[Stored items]
Start of Block
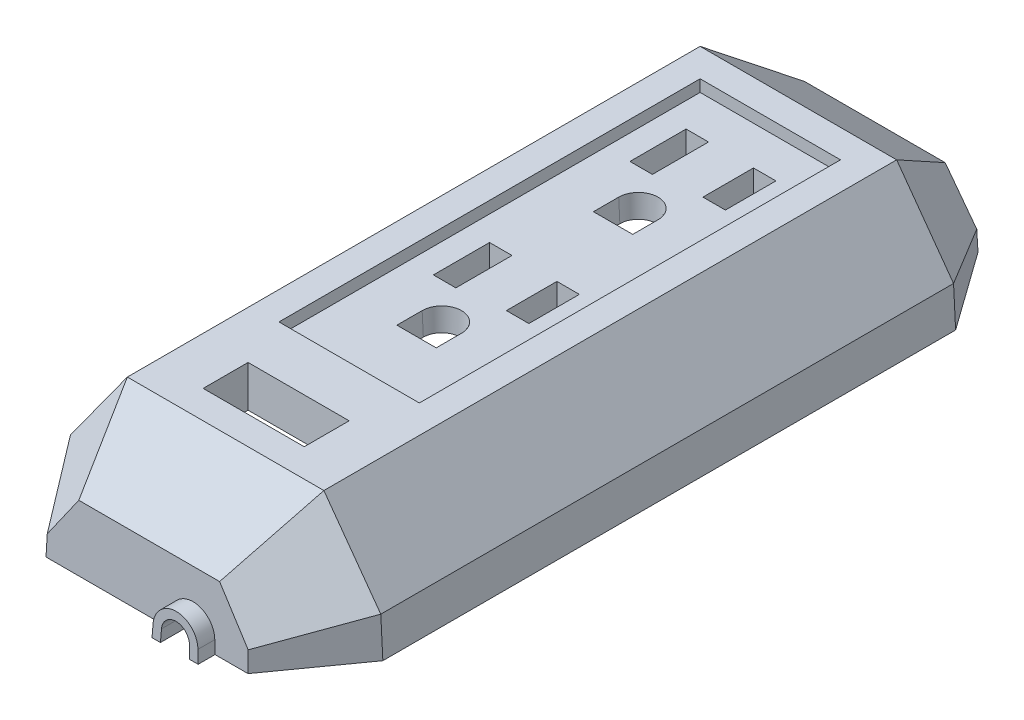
ISO-10303-21;
HEADER;
FILE_DESCRIPTION(('STEP AP214'),'2;1');
FILE_NAME('part.step','',(''),(''),'','','');
FILE_SCHEMA(('AUTOMOTIVE_DESIGN { 1 0 10303 214 1 1 1 1 }'));
ENDSEC;
DATA;
#1=APPLICATION_CONTEXT('core data for automotive mechanical design processes');
#2=APPLICATION_PROTOCOL_DEFINITION('international standard','automotive_design',2000,#1);
#3=PRODUCT_CONTEXT('',#1,'mechanical');
#4=PRODUCT('Part','Part','',(#3));
#5=PRODUCT_RELATED_PRODUCT_CATEGORY('part','',(#4));
#6=PRODUCT_DEFINITION_FORMATION('','',#4);
#7=PRODUCT_DEFINITION_CONTEXT('part definition',#1,'design');
#8=PRODUCT_DEFINITION('design','',#6,#7);
#9=PRODUCT_DEFINITION_SHAPE('','',#8);
#10=(LENGTH_UNIT() NAMED_UNIT(*) SI_UNIT(.MILLI.,.METRE.));
#11=(NAMED_UNIT(*) PLANE_ANGLE_UNIT() SI_UNIT($,.RADIAN.));
#12=(NAMED_UNIT(*) SI_UNIT($,.STERADIAN.) SOLID_ANGLE_UNIT());
#13=UNCERTAINTY_MEASURE_WITH_UNIT(LENGTH_MEASURE(1.E-05),#10,'distance_accuracy_value','');
#14=(GEOMETRIC_REPRESENTATION_CONTEXT(3) GLOBAL_UNCERTAINTY_ASSIGNED_CONTEXT((#13)) GLOBAL_UNIT_ASSIGNED_CONTEXT((#10,
#11,#12)) REPRESENTATION_CONTEXT('',''));
#15=CARTESIAN_POINT('',(0.,0.,0.));
#16=DIRECTION('',(0.,0.,1.));
#17=DIRECTION('',(1.,0.,0.));
#18=AXIS2_PLACEMENT_3D('',#15,#16,#17);
#19=CARTESIAN_POINT('',(-23.0679705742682,10.7903350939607,88.2924274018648));
#20=DIRECTION('',(1.,0.,0.));
#21=DIRECTION('',(0.,0.,-1.));
#22=AXIS2_PLACEMENT_3D('',#19,#20,#21);
#23=CYLINDRICAL_SURFACE('',#22,0.790335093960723);
#24=DIRECTION('',(-1.,0.,0.));
#25=VECTOR('',#24,1.);
#26=CARTESIAN_POINT('',(-26.4979414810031,10.7489721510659,89.081679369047));
#27=LINE('',#26,#25);
#28=CARTESIAN_POINT('',(-23.0679705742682,10.7489721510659,89.081679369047));
#29=VERTEX_POINT('',#28);
#30=CARTESIAN_POINT('',(23.0679705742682,10.7489721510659,89.081679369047));
#31=VERTEX_POINT('',#30);
#32=EDGE_CURVE('E1205',#29,#31,#27,.F.);
#33=ORIENTED_EDGE('',*,*,#32,.F.);
#34=CARTESIAN_POINT('',(-23.038032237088,10.7903350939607,88.2924274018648));
#35=DIRECTION('',(0.810073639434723,-0.586328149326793,0.));
#36=DIRECTION('',(0.586328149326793,0.810073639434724,0.));
#37=AXIS2_PLACEMENT_3D('',#34,#35,#36);
#38=ELLIPSE('',#37,0.97563364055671,0.790335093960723);
#39=CARTESIAN_POINT('',(-23.0679705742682,10.7489721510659,87.5031754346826));
#40=VERTEX_POINT('',#39);
#41=EDGE_CURVE('E48',#29,#40,#38,.T.);
#42=ORIENTED_EDGE('',*,*,#41,.T.);
#43=DIRECTION('',(-1.,0.,0.));
#44=VECTOR('',#43,1.);
#45=CARTESIAN_POINT('',(-23.0679705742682,10.7489721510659,87.5031754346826));
#46=LINE('',#45,#44);
#47=CARTESIAN_POINT('',(23.0679705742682,10.7489721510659,87.5031754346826));
#48=VERTEX_POINT('',#47);
#49=EDGE_CURVE('E1210',#48,#40,#46,.T.);
#50=ORIENTED_EDGE('',*,*,#49,.F.);
#51=CARTESIAN_POINT('',(23.038032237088,10.7903350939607,88.2924274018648));
#52=DIRECTION('',(-0.810073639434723,-0.586328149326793,0.));
#53=DIRECTION('',(0.586328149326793,-0.810073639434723,0.));
#54=AXIS2_PLACEMENT_3D('',#51,#52,#53);
#55=ELLIPSE('',#54,0.975633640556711,0.790335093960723);
#56=EDGE_CURVE('E11',#48,#31,#55,.T.);
#57=ORIENTED_EDGE('',*,*,#56,.T.);
#58=EDGE_LOOP('',(#33,#42,#50,#57));
#59=FACE_BOUND('',#58,.T.);
#60=ADVANCED_FACE('F41',(#59),#23,.T.);
#61=CARTESIAN_POINT('',(23.0679705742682,10.7903350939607,53.2924274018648));
#62=DIRECTION('',(1.,0.,0.));
#63=DIRECTION('',(0.,0.,-1.));
#64=AXIS2_PLACEMENT_3D('',#61,#62,#63);
#65=CYLINDRICAL_SURFACE('',#64,0.790335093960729);
#66=DIRECTION('',(-1.,0.,0.));
#67=VECTOR('',#66,1.);
#68=CARTESIAN_POINT('',(23.0679705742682,10.7489721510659,52.5031754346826));
#69=LINE('',#68,#67);
#70=CARTESIAN_POINT('',(23.0679705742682,10.7489721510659,52.5031754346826));
#71=VERTEX_POINT('',#70);
#72=CARTESIAN_POINT('',(-23.0679705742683,10.7489721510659,52.5031754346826));
#73=VERTEX_POINT('',#72);
#74=EDGE_CURVE('E1195',#71,#73,#69,.T.);
#75=ORIENTED_EDGE('',*,*,#74,.F.);
#76=CARTESIAN_POINT('',(23.038032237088,10.7903350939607,53.2924274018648));
#77=DIRECTION('',(-0.810073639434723,-0.586328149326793,0.));
#78=DIRECTION('',(0.586328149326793,-0.810073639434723,0.));
#79=AXIS2_PLACEMENT_3D('',#76,#77,#78);
#80=ELLIPSE('',#79,0.975633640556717,0.790335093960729);
#81=CARTESIAN_POINT('',(23.0679705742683,10.7489721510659,54.081679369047));
#82=VERTEX_POINT('',#81);
#83=EDGE_CURVE('E1199',#71,#82,#80,.T.);
#84=ORIENTED_EDGE('',*,*,#83,.T.);
#85=DIRECTION('',(-1.,0.,0.));
#86=VECTOR('',#85,1.);
#87=CARTESIAN_POINT('',(-26.4979414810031,10.7489721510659,54.081679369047));
#88=LINE('',#87,#86);
#89=CARTESIAN_POINT('',(-23.0679705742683,10.7489721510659,54.081679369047));
#90=VERTEX_POINT('',#89);
#91=EDGE_CURVE('E1200',#90,#82,#88,.F.);
#92=ORIENTED_EDGE('',*,*,#91,.F.);
#93=CARTESIAN_POINT('',(-23.038032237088,10.7903350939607,53.2924274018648));
#94=DIRECTION('',(0.810073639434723,-0.586328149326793,0.));
#95=DIRECTION('',(0.586328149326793,0.810073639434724,0.));
#96=AXIS2_PLACEMENT_3D('',#93,#94,#95);
#97=ELLIPSE('',#96,0.975633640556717,0.790335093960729);
#98=EDGE_CURVE('E1202',#90,#73,#97,.T.);
#99=ORIENTED_EDGE('',*,*,#98,.T.);
#100=EDGE_LOOP('',(#75,#84,#92,#99));
#101=FACE_BOUND('',#100,.T.);
#102=ADVANCED_FACE('F1657',(#101),#65,.T.);
#103=CARTESIAN_POINT('',(-17.5,19.5,130.));
#104=DIRECTION('',(0.,-1.,0.));
#105=DIRECTION('',(0.,0.,-1.));
#106=AXIS2_PLACEMENT_3D('',#103,#104,#105);
#107=PLANE('',#106);
#108=DIRECTION('',(1.,0.,0.));
#109=VECTOR('',#108,1.);
#110=CARTESIAN_POINT('',(-9.,19.5,112.423446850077));
#111=LINE('',#110,#109);
#112=CARTESIAN_POINT('',(-10.4234468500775,19.5,112.423446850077));
#113=VERTEX_POINT('',#112);
#114=CARTESIAN_POINT('',(-1.0382427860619,19.5,112.423446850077));
#115=VERTEX_POINT('',#114);
#116=EDGE_CURVE('E1264',#113,#115,#111,.T.);
#117=ORIENTED_EDGE('',*,*,#116,.T.);
#118=DIRECTION('',(0.,0.,1.));
#119=VECTOR('',#118,1.);
#120=CARTESIAN_POINT('',(-1.0382427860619,19.5,130.));
#121=LINE('',#120,#119);
#122=CARTESIAN_POINT('',(-1.0382427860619,19.5,115.519302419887));
#123=VERTEX_POINT('',#122);
#124=EDGE_CURVE('E795',#115,#123,#121,.T.);
#125=ORIENTED_EDGE('',*,*,#124,.T.);
#126=DIRECTION('',(1.,0.,0.));
#127=VECTOR('',#126,1.);
#128=CARTESIAN_POINT('',(28.,19.5,115.519302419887));
#129=LINE('',#128,#127);
#130=CARTESIAN_POINT('',(-16.734010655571,19.5,115.519302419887));
#131=VERTEX_POINT('',#130);
#132=EDGE_CURVE('E1298',#131,#123,#129,.T.);
#133=ORIENTED_EDGE('',*,*,#132,.F.);
#134=DIRECTION('',(0.,0.,-1.));
#135=VECTOR('',#134,1.);
#136=CARTESIAN_POINT('',(-16.734010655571,19.5,130.));
#137=LINE('',#136,#135);
#138=CARTESIAN_POINT('',(-16.734010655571,19.5,89.5403013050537));
#139=VERTEX_POINT('',#138);
#140=EDGE_CURVE('E1293',#131,#139,#137,.T.);
#141=ORIENTED_EDGE('',*,*,#140,.T.);
#142=DIRECTION('',(1.,0.,0.));
#143=VECTOR('',#142,1.);
#144=CARTESIAN_POINT('',(-17.5,19.5,89.5403013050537));
#145=LINE('',#144,#143);
#146=CARTESIAN_POINT('',(-13.9234468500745,19.5,89.5403013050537));
#147=VERTEX_POINT('',#146);
#148=EDGE_CURVE('E1235',#147,#139,#145,.F.);
#149=ORIENTED_EDGE('',*,*,#148,.F.);
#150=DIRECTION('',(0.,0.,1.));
End of Block
• WHAT TO WORK ON: Set down, from the entries above, exactly the lines from the one with "#21=DIRECTION('',(0.,0.,-1.));" up to and including the one with "#53=DIRECTION('',(0.586328149326793,-0.810073639434723,0.));", and no other lines.

• TASK RESPONSE:
#21=DIRECTION('',(0.,0.,-1.));
#22=AXIS2_PLACEMENT_3D('',#19,#20,#21);
#23=CYLINDRICAL_SURFACE('',#22,0.790335093960723);
#24=DIRECTION('',(-1.,0.,0.));
#25=VECTOR('',#24,1.);
#26=CARTESIAN_POINT('',(-26.4979414810031,10.7489721510659,89.081679369047));
#27=LINE('',#26,#25);
#28=CARTESIAN_POINT('',(-23.0679705742682,10.7489721510659,89.081679369047));
#29=VERTEX_POINT('',#28);
#30=CARTESIAN_POINT('',(23.0679705742682,10.7489721510659,89.081679369047));
#31=VERTEX_POINT('',#30);
#32=EDGE_CURVE('E1205',#29,#31,#27,.F.);
#33=ORIENTED_EDGE('',*,*,#32,.F.);
#34=CARTESIAN_POINT('',(-23.038032237088,10.7903350939607,88.2924274018648));
#35=DIRECTION('',(0.810073639434723,-0.586328149326793,0.));
#36=DIRECTION('',(0.586328149326793,0.810073639434724,0.));
#37=AXIS2_PLACEMENT_3D('',#34,#35,#36);
#38=ELLIPSE('',#37,0.97563364055671,0.790335093960723);
#39=CARTESIAN_POINT('',(-23.0679705742682,10.7489721510659,87.5031754346826));
#40=VERTEX_POINT('',#39);
#41=EDGE_CURVE('E48',#29,#40,#38,.T.);
#42=ORIENTED_EDGE('',*,*,#41,.T.);
#43=DIRECTION('',(-1.,0.,0.));
#44=VECTOR('',#43,1.);
#45=CARTESIAN_POINT('',(-23.0679705742682,10.7489721510659,87.5031754346826));
#46=LINE('',#45,#44);
#47=CARTESIAN_POINT('',(23.0679705742682,10.7489721510659,87.5031754346826));
#48=VERTEX_POINT('',#47);
#49=EDGE_CURVE('E1210',#48,#40,#46,.T.);
#50=ORIENTED_EDGE('',*,*,#49,.F.);
#51=CARTESIAN_POINT('',(23.038032237088,10.7903350939607,88.2924274018648));
#52=DIRECTION('',(-0.810073639434723,-0.586328149326793,0.));
#53=DIRECTION('',(0.586328149326793,-0.810073639434723,0.));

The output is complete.